╔══
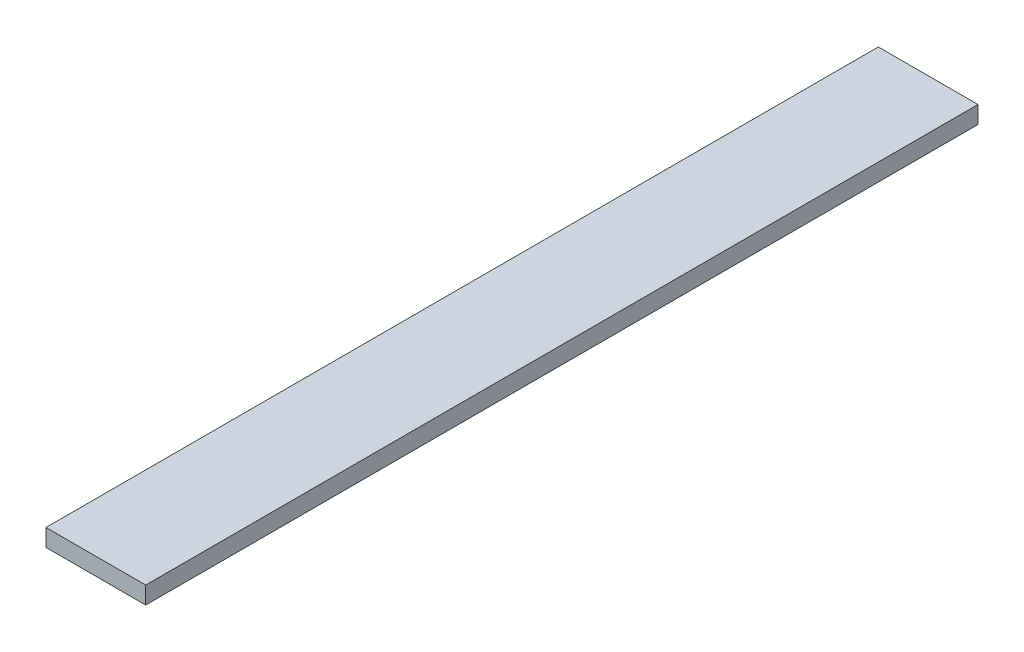
SolidWorks part; units mm, degrees
ref_plane "Front Plane" through (0, 0, 0) normal (0, 0, 1) x (1, 0, 0)
ref_plane "Top Plane" through (0, 0, 0) normal (0, 1, 0) x (1, 0, 0)
ref_plane "Right Plane" through (0, 0, 0) normal (1, 0, 0) x (0, 0, -1)
sketch "Sketch1" plane through (0, 0, 0) normal (0, 0, 1) x (1, 0, 0)
  line L1 (-57.5, 10) -> (57.5, 10)
  line L2 (-57.5, 10) -> (-57.5, -10)
  line L3 (-57.5, -10) -> (57.5, -10)
  line L4 (57.5, 10) -> (57.5, -10)
  line L5 (-57.5, 10) -> (57.5, -10) construction
  line L6 (-57.5, -10) -> (57.5, 10) construction
  point P0 (0, 0)
extrude "Boss-Extrude1" add sketch "Sketch1" along normal blind 960 contours L1 L4 L3 L2
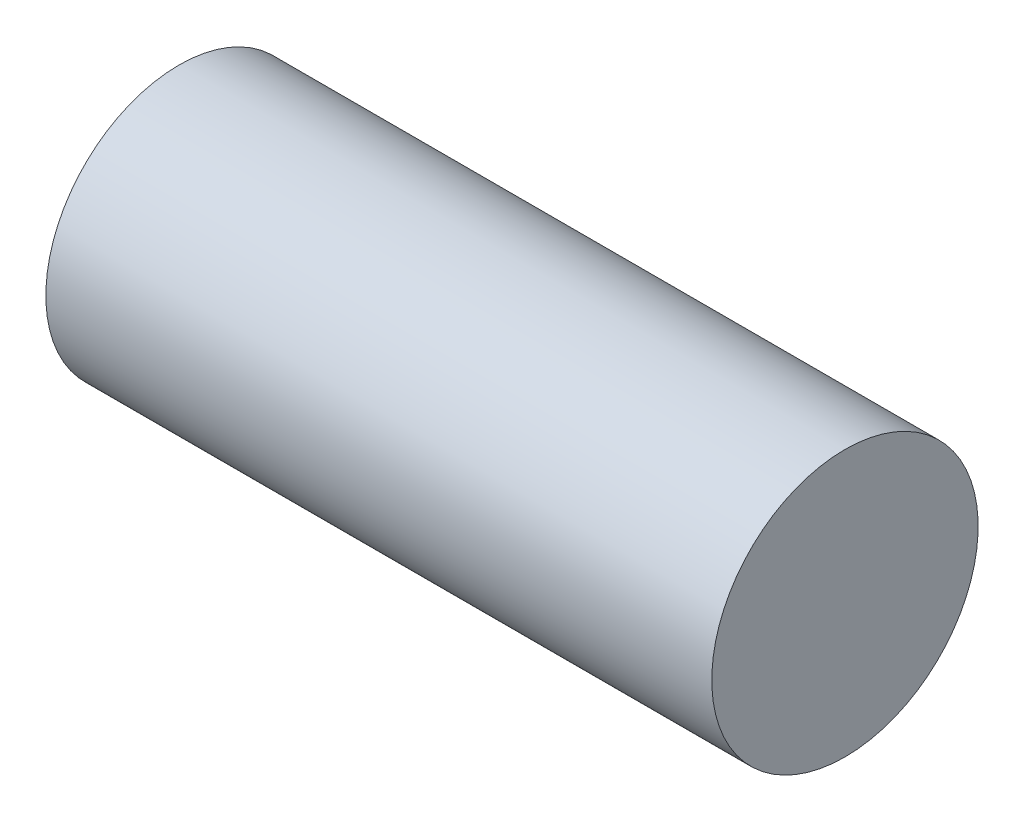
SolidWorks part; units mm, degrees
ref_plane "正面" through (0, 0, 0) normal (0, 0, 1) x (1, 0, 0)
ref_plane "平面" through (0, 0, 0) normal (0, 1, 0) x (1, 0, 0)
ref_plane "右側面" through (0, 0, 0) normal (1, 0, 0) x (0, 0, -1)
sketch "ｽｹｯﾁ1" plane through (0, 0, 0) normal (0, 0, 1) x (1, 0, 0)
  line L0 (0, 0) -> (0, -60)
  line L1 (0, -60) -> (300, -60)
  line L2 (150, -60) -> (150, -10)
  line L3 (160, -10) -> (140, -10)
  line L4 (140, -10) -> (100, -50)
  line L5 (100, -50) -> (10, -50)
  line L6 (10, -50) -> (10, 0)
  line L7 (10, 0) -> (0, 0)
  line L8 (290, 0) -> (300, 0)
  line L9 (290, -50) -> (290, 0)
  line L10 (200, -50) -> (290, -50)
  line L11 (160, -10) -> (200, -50)
  line L12 (300, 0) -> (300, -60)
  dimension "D1" = 150
  dimension "D2" = 60
  dimension "D3" = 50
  dimension "D4" = 50
  dimension "D5" = 45
  dimension "D6" = 10
  dimension "D7" = 10
revolve "回転1" add sketch "ｽｹｯﾁ1" angle 360 about L7
╚══
What is required:
Print the listing word for word but skip its pictures.

Problem solution:
SolidWorks part; units mm, degrees
ref_plane "Front Plane" through (0, 0, 0) normal (0, 0, 1) x (1, 0, 0)
ref_plane "Top Plane" through (0, 0, 0) normal (0, 1, 0) x (1, 0, 0)
ref_plane "Right Plane" through (0, 0, 0) normal (1, 0, 0) x (0, 0, -1)
sketch "Sketch1" plane through (0, 0, 0) normal (0, 0, 1) x (1, 0, 0)
  line L1 (-57.5, 10) -> (57.5, 10)
  line L2 (-57.5, 10) -> (-57.5, -10)
  line L3 (-57.5, -10) -> (57.5, -10)
  line L4 (57.5, 10) -> (57.5, -10)
  line L5 (-57.5, 10) -> (57.5, -10) construction
  line L6 (-57.5, -10) -> (57.5, 10) construction
  point P0 (0, 0)
extrude "Boss-Extrude1" add sketch "Sketch1" along normal blind 960 contours L1 L4 L3 L2
SolidWorks part; units mm, degrees
ref_plane "正面" through (0, 0, 0) normal (0, 0, 1) x (1, 0, 0)
ref_plane "平面" through (0, 0, 0) normal (0, 1, 0) x (1, 0, 0)
ref_plane "右側面" through (0, 0, 0) normal (1, 0, 0) x (0, 0, -1)
sketch "ｽｹｯﾁ1" plane through (0, 0, 0) normal (0, 0, 1) x (1, 0, 0)
  line L0 (0, 0) -> (0, -60)
  line L1 (0, -60) -> (300, -60)
  line L2 (150, -60) -> (150, -10)
  line L3 (160, -10) -> (140, -10)
  line L4 (140, -10) -> (100, -50)
  line L5 (100, -50) -> (10, -50)
  line L6 (10, -50) -> (10, 0)
  line L7 (10, 0) -> (0, 0)
  line L8 (290, 0) -> (300, 0)
  line L9 (290, -50) -> (290, 0)
  line L10 (200, -50) -> (290, -50)
  line L11 (160, -10) -> (200, -50)
  line L12 (300, 0) -> (300, -60)
  dimension "D1" = 150
  dimension "D2" = 60
  dimension "D3" = 50
  dimension "D4" = 50
  dimension "D5" = 45
  dimension "D6" = 10
  dimension "D7" = 10
revolve "回転1" add sketch "ｽｹｯﾁ1" angle 360 about L7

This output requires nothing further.